# 2.0T mrk5 gti build



## thegson1 (Jul 27, 2015)

I just picked up a mark5 GTI. 2008 with 60k miles on it. Totally stock except for a Magnaflow muffler. I want to build it to about 280-300hp but I dont really know where to start. Anyone wanna help me make a list of mods? Any help is appreciated, thanks


----------



## DasCC (Feb 24, 2009)

thegson1 said:


> I just picked up a mark5 GTI. 2008 with 60k miles on it. Totally stock except for a Magnaflow muffler. I want to build it to about 280-300hp but I dont really know where to start. Anyone wanna help me make a list of mods?
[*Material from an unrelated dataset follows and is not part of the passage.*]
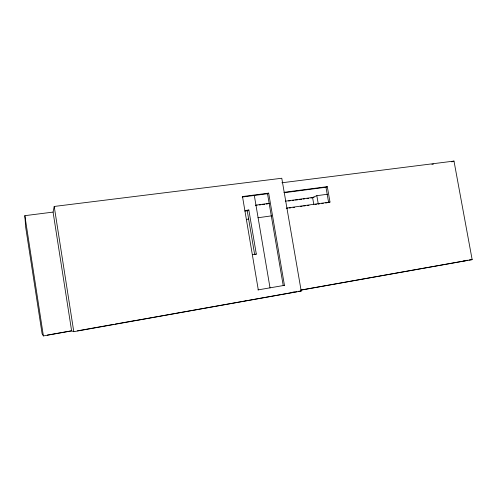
<?xml version="1.0" encoding="UTF-8"?>
<svg xmlns="http://www.w3.org/2000/svg" width="497" height="497" viewBox="0 0 497 497"><rect width="100%" height="100%" fill="white"/><g stroke="black" fill="none" stroke-linecap="round" stroke-linejoin="round"><path stroke-width="0.75" d="M53.073 212.101L54.21 206.454L281.78 178.249L301.207 291.049L73.78 331.679L71.624 330.896L43.394 335.922L42.096 333.717L25.658 227.092L24.85 215.667L53.073 212.101L71.624 330.896M242.225 197.036L267.516 193.743L268.666 193.14L284.446 285.353L257.931 289.919M247.239 210.796L248.842 210.007L256.315 254.091L254.657 254.557L247.239 210.796L244.934 211.113M325.964 187.245L327.293 186.661L329.989 202.062L328.647 202.577L325.964 187.245L284.309 192.699M327.523 194.246L316.831 195.681L312.588 197.483L313.769 204.286M451.816 161.879L453.991 161.078L472.15 259.633L301.132 290.105M47.246 335.127L71.456 330.816M300.567 290.105L467.627 260.347L463.813 260.838M77.439 330.834L113.875 324.324M115.267 324.075L135.7 320.428M136.016 320.441L296.61 291.764M252.563 254.688L256.315 254.091M246.425 219.388L248.73 219.065M257.949 217.767L271.778 215.816M286.663 208.057L329.989 202.062M286.247 208.448L287.763 208.237M289.279 208.032L290.795 207.821M293.062 207.504L294.578 207.299M300.635 206.46L302.151 206.249M303.661 206.038L305.177 205.826M307.45 205.516L308.96 205.304M315.017 204.466L316.533 204.255M318.049 204.05L319.559 203.838M321.832 203.522L323.348 203.316M325.616 203L327.132 202.788M245.083 210.523L248.842 210.007M255.526 205.186L269.337 203.323M285.452 201.148L314.098 197.278M255.495 205.491L257.036 205.28M259.341 204.969L260.882 204.764M262.422 204.553L264.727 204.242M266.268 204.031L267.808 203.826M288.577 201.018L290.118 200.813M292.429 200.502L293.963 200.291M295.504 200.086L297.815 199.769M299.349 199.564L301.66 199.254M303.195 199.042L304.736 198.837M307.047 198.527L308.581 198.315M310.892 198.005L312.433 197.8M268.666 193.14L242.499 196.551L258.303 289.919M283.955 192.327L327.293 186.661M466.006 260.428L467.547 260.229M469.081 260.03L472.15 259.633M281.917 182.772L453.991 161.078M431.899 164.296L433.434 164.103M284.446 285.353L283.215 285.508L267.516 193.743M298.132 291.341L301.207 291.049M292.845 292.118L294.348 291.975M245.903 300.592L248.109 300.424M240.368 301.642L241.996 301.524M178.982 312.545L180.51 312.501M134.221 320.372L136.035 320.441M316.831 195.681L318.273 203.963M254.309 195.439L270.033 287.9M54.21 206.454L73.78 331.679M24.85 215.667L43.394 335.922"/></g></svg>

Any help is appreciated, thanks


Is it an FSI or TSI? 2008 was a split year for those engines.


----------



## Vdub4Life99 (Nov 11, 2012)

Downpipe, R8 coilpacks, Stage 2 tune, HPFP on 100 octane should give you around 280hp +...Also make sure the cam position sensor is up to par and maybe upgrade the DV.


----------



## bilalsultani87 (Apr 25, 2015)

To reach you Goal between 280 290 HP, You can start with below Mods:

-Cold air intake
-Downpipe
-Stage 2 remap
-new set of Red coils with NGK Sparks.

Gd luck


Sent from my D6503 using Tapatalk


----------



## bilalsultani87 (Apr 25, 2015)

Btw what about the sound of magnaflow? Is it nice? 

Sent from my D6503 using Tapatalk


----------